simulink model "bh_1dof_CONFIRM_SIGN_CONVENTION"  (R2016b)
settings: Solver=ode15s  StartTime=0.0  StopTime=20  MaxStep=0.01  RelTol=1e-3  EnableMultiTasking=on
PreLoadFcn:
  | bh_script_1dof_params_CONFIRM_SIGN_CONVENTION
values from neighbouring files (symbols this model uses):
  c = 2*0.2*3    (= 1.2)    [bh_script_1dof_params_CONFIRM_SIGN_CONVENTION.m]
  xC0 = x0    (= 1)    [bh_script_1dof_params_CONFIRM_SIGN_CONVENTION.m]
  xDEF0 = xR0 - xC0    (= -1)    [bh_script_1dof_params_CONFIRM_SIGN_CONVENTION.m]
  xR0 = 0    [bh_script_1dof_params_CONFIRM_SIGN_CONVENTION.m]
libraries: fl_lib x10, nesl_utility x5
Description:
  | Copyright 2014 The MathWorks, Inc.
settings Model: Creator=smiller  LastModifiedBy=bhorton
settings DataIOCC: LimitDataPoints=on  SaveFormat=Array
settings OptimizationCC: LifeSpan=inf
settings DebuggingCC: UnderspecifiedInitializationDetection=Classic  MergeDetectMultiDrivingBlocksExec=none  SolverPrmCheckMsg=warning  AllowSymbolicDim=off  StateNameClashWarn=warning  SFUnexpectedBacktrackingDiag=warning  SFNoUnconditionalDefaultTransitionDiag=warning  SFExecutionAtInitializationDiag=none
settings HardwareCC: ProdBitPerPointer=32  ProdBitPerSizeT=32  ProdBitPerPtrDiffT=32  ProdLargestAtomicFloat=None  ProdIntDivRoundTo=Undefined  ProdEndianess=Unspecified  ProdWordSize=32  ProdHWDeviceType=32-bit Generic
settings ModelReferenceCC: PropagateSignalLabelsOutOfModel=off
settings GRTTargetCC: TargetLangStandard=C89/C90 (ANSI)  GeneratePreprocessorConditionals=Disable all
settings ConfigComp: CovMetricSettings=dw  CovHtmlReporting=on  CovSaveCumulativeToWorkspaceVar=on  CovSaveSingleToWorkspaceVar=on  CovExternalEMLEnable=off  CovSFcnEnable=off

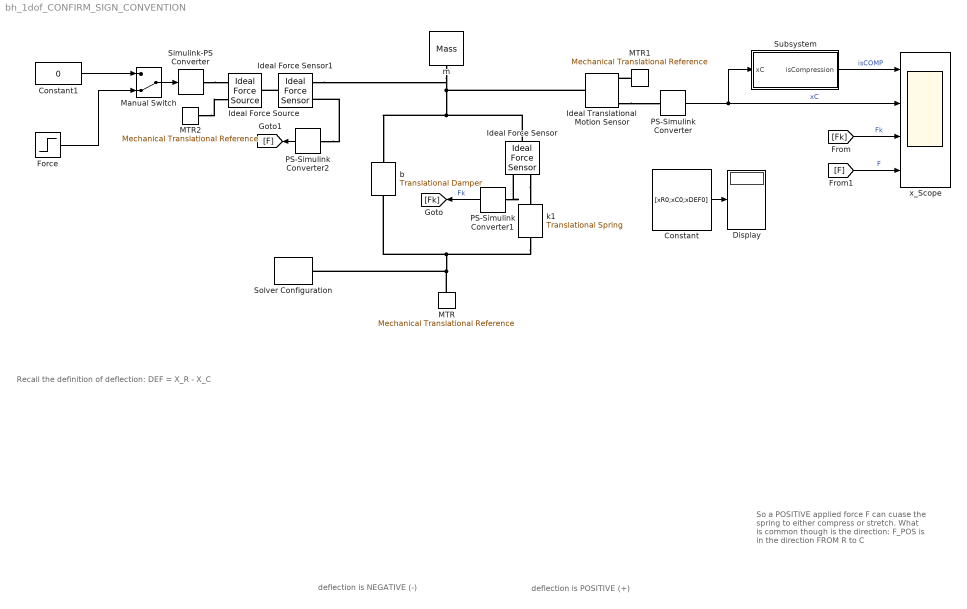
== system bh_1dof_CONFIRM_SIGN_CONVENTION ==
  note: So a POSITIVE applied force F
      | can cuase the spring to either compress
      | or stretch.
      |
      | What is common though is the direction:
      |
      | F_POS is in the direction FROM R to C
  note: Recall the definition of deflection:
      |
      |          DEF = X_R - X_C
  note: deflection is NEGATIVE (-)
  note: deflection is POSITIVE (+)
  Constant : Constant  Value=[xR0;xC0;xDEF0]  VectorParams1D=off
  Constant1 : Constant  Value=0
  Display : Display
  Force : Step  Time=15  After=9  SampleTime=0
      settings: AttributesFormatString=|
      | Time of step = %<Time>
      | Final value = %<After>
  Ideal Force Sensor : fl_lib/Mechanical/Mechanical Sensors/Ideal Force Sensor
  Ideal Force Sensor1 : fl_lib/Mechanical/Mechanical Sensors/Ideal Force Sensor
  Ideal Force Source : fl_lib/Mechanical/Mechanical Sources/Ideal Force Source
  Ideal Translational Motion Sensor : fl_lib/Mechanical/Mechanical Sensors/Ideal Translational Motion Sensor  offset=xC0 m
      settings: AttributesFormatString=offset = %<offset>
  MTR : fl_lib/Mechanical/Translational Elements/Mechanical Translational Reference
  MTR1 : fl_lib/Mechanical/Translational Elements/Mechanical Translational Reference
  MTR2 : fl_lib/Mechanical/Translational Elements/Mechanical Translational Reference
  Manual Switch : ManualSwitch  CurrentSetting=0
  PS-Simulink Converter : nesl_utility/PS-Simulink Converter  PhysicalDomain=network_engine_domain  SubClassName=ps_output  LeftPortType=input  RightPortType=output  PseudoPeriodic=off  Frequencies=[]  Unit=m  AffineConversion=off
  PS-Simulink Converter1 : nesl_utility/PS-Simulink Converter  PhysicalDomain=network_engine_domain  SubClassName=ps_output  LeftPortType=input  RightPortType=output  PseudoPeriodic=off  Frequencies=[]  Unit=N  AffineConversion=off
  PS-Simulink Converter2 : nesl_utility/PS-Simulink Converter  PhysicalDomain=network_engine_domain  SubClassName=ps_output  LeftPortType=input  RightPortType=output  PseudoPeriodic=off  Frequencies=[]  Unit=N  AffineConversion=off
  Simulink-PS Converter : nesl_utility/Simulink-PS Converter  PhysicalDomain=network_engine_domain  SubClassName=ps_input  LeftPortType=input  RightPortType=output  PseudoPeriodic=off  Frequencies=[]  NoiseDistribution=none  NoiseParameters=[]  Unit=N  AffineConversion=off  InputFiltering=off  SimscapeFilterOrder=1  InputFilterTimeConstant=.001  UdotUserProvided=0
  Solver Configuration : nesl_utility/Solver Configuration  PhysicalDomain=network_engine_domain  SubClassName=solver  LeftPortType=input  RightPortType=generic  Accelerate=off  Tones=[]  Harmonics=[]  SimulateNoise=off  Profile=off  UseLocalSampling=off  EnableSwitchedLinearOptims=on  FrequencyDomain=off  UseCCode=off  RelTol=0.001  AbsTol=1e-06  MinStep=1e-09  ToWorkspace=off  RevertToSquareIcSolve=off  NumHomotopyIterations=100  PhasorMode=off  PhasorModeNumHarmonics=1  OverrideAbsTol=off  DoDC=off  ResidualTolerance=1e-9  UseLocalSolver=off  LocalSolverChoice=NE_BACKWARD_EULER_ADVANCER  LocalSolverSampleTime=.001  DoFixedCost=off  MaxNonlinIter=12  MaxModeIter=2  LinearAlgebra=Sparse  DelaysMemoryBudget=1024  AutomaticFiltering=on  FilteringTimeConstant=0.001
  Subsystem : Subsystem
  b : fl_lib/Mechanical/Translational Elements/Translational Damper  D=c N/(m/s)  v_specify=off  v_priority=None  v=0 m/s  f_specify=off  f_priority=None  f=0 N
  k1 : fl_lib/Mechanical/Translational Elements/Translational Spring  spr_rate=k N/m  v_specify=off  v_priority=High  v=xdot_0 m/s  f_specify=off  f_priority=None  f=0 N  x_specify=on  x_priority=High  x=xDEF0 m
      settings: AttributesFormatString=|
      | DEF_X = %<x>
      | K = %<spr_rate>
  m : fl_lib/Mechanical/Translational Elements/Mass  mass=m kg  v_specify=on  v_priority=None  v=xdot_0 m/s  f_specify=off  f_priority=None  f=0 N
      settings: AttributesFormatString=V0 = %<v>
  x_Scope : Scope  NumInputPorts=4
  wires:
  Force/1 -> Manual Switch/2
  PS-Simulink Converter/1 -> Subsystem/1(xC), x_Scope/2  "xC"
  Constant/1 -> Display/1
  Constant1/1 -> Manual Switch/1
  Manual Switch/1 -> Simulink-PS Converter/1
  PS-Simulink Converter1/1 -> [Fk]  "Fk"
  [Fk] -> x_Scope/3  "Fk"
  Subsystem/1(isCompression) -> x_Scope/1  "isCOMP"
  [F] -> x_Scope/4  "F"
  PS-Simulink Converter2/1 -> [F]
  connections:
  MTR2/LConn1 -- Ideal Force Source/RConn2
  MTR1/LConn1 -- Ideal Translational Motion Sensor/RConn1
  Ideal Translational Motion Sensor/RConn3 -- PS-Simulink Converter/LConn1
  Simulink-PS Converter/RConn1 -- Ideal Force Source/RConn1
  k1/LConn1 -- b/LConn1 -- MTR/LConn1 -- Solver Configuration/RConn1
  Ideal Force Sensor/RConn1 -- k1/RConn1
  PS-Simulink Converter1/LConn1 -- Ideal Force Sensor/RConn2
  Ideal Translational Motion Sensor/LConn1 -- Ideal Force Sensor1/RConn1 -- m/LConn1 -- b/RConn1 -- Ideal Force Sensor/LConn1
  Ideal Force Sensor1/LConn1 -- Ideal Force Source/LConn1
  PS-Simulink Converter2/LConn1 -- Ideal Force Sensor1/RConn2

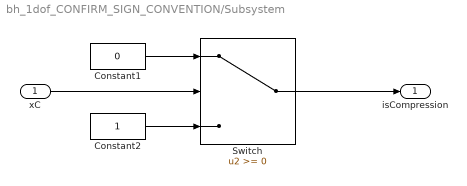
== system bh_1dof_CONFIRM_SIGN_CONVENTION/Subsystem ==
  xC : Inport
  Constant1 : Constant  Value=0
  Constant2 : Constant
  Switch : Switch
  isCompression : Outport
  wires:
  xC/1 -> Switch/2
  Constant1/1 -> Switch/1
  Constant2/1 -> Switch/3
  Switch/1 -> isCompression/1

━━━━━━━━━━━━━━━━━━━━

YOUR ASSIGNMENT.
One stretch of the lines above is wanted, from the line that contains "Manual Switch : ManualSwitch" through the line that contains "Simulink-PS Converter : nesl_utility/Simulink-PS". Output it exactly.

YOUR RESPONSE.
  Manual Switch : ManualSwitch  CurrentSetting=0
  PS-Simulink Converter : nesl_utility/PS-Simulink Converter  PhysicalDomain=network_engine_domain  SubClassName=ps_output  LeftPortType=input  RightPortType=output  PseudoPeriodic=off  Frequencies=[]  Unit=m  AffineConversion=off
  PS-Simulink Converter1 : nesl_utility/PS-Simulink Converter  PhysicalDomain=network_engine_domain  SubClassName=ps_output  LeftPortType=input  RightPortType=output  PseudoPeriodic=off  Frequencies=[]  Unit=N  AffineConversion=off
  PS-Simulink Converter2 : nesl_utility/PS-Simulink Converter  PhysicalDomain=network_engine_domain  SubClassName=ps_output  LeftPortType=input  RightPortType=output  PseudoPeriodic=off  Frequencies=[]  Unit=N  AffineConversion=off
  Simulink-PS Converter : nesl_utility/Simulink-PS Converter  PhysicalDomain=network_engine_domain  SubClassName=ps_input  LeftPortType=input  RightPortType=output  PseudoPeriodic=off  Frequencies=[]  NoiseDistribution=none  NoiseParameters=[]  Unit=N  AffineConversion=off  InputFiltering=off  SimscapeFilterOrder=1  InputFilterTimeConstant=.001  UdotUserProvided=0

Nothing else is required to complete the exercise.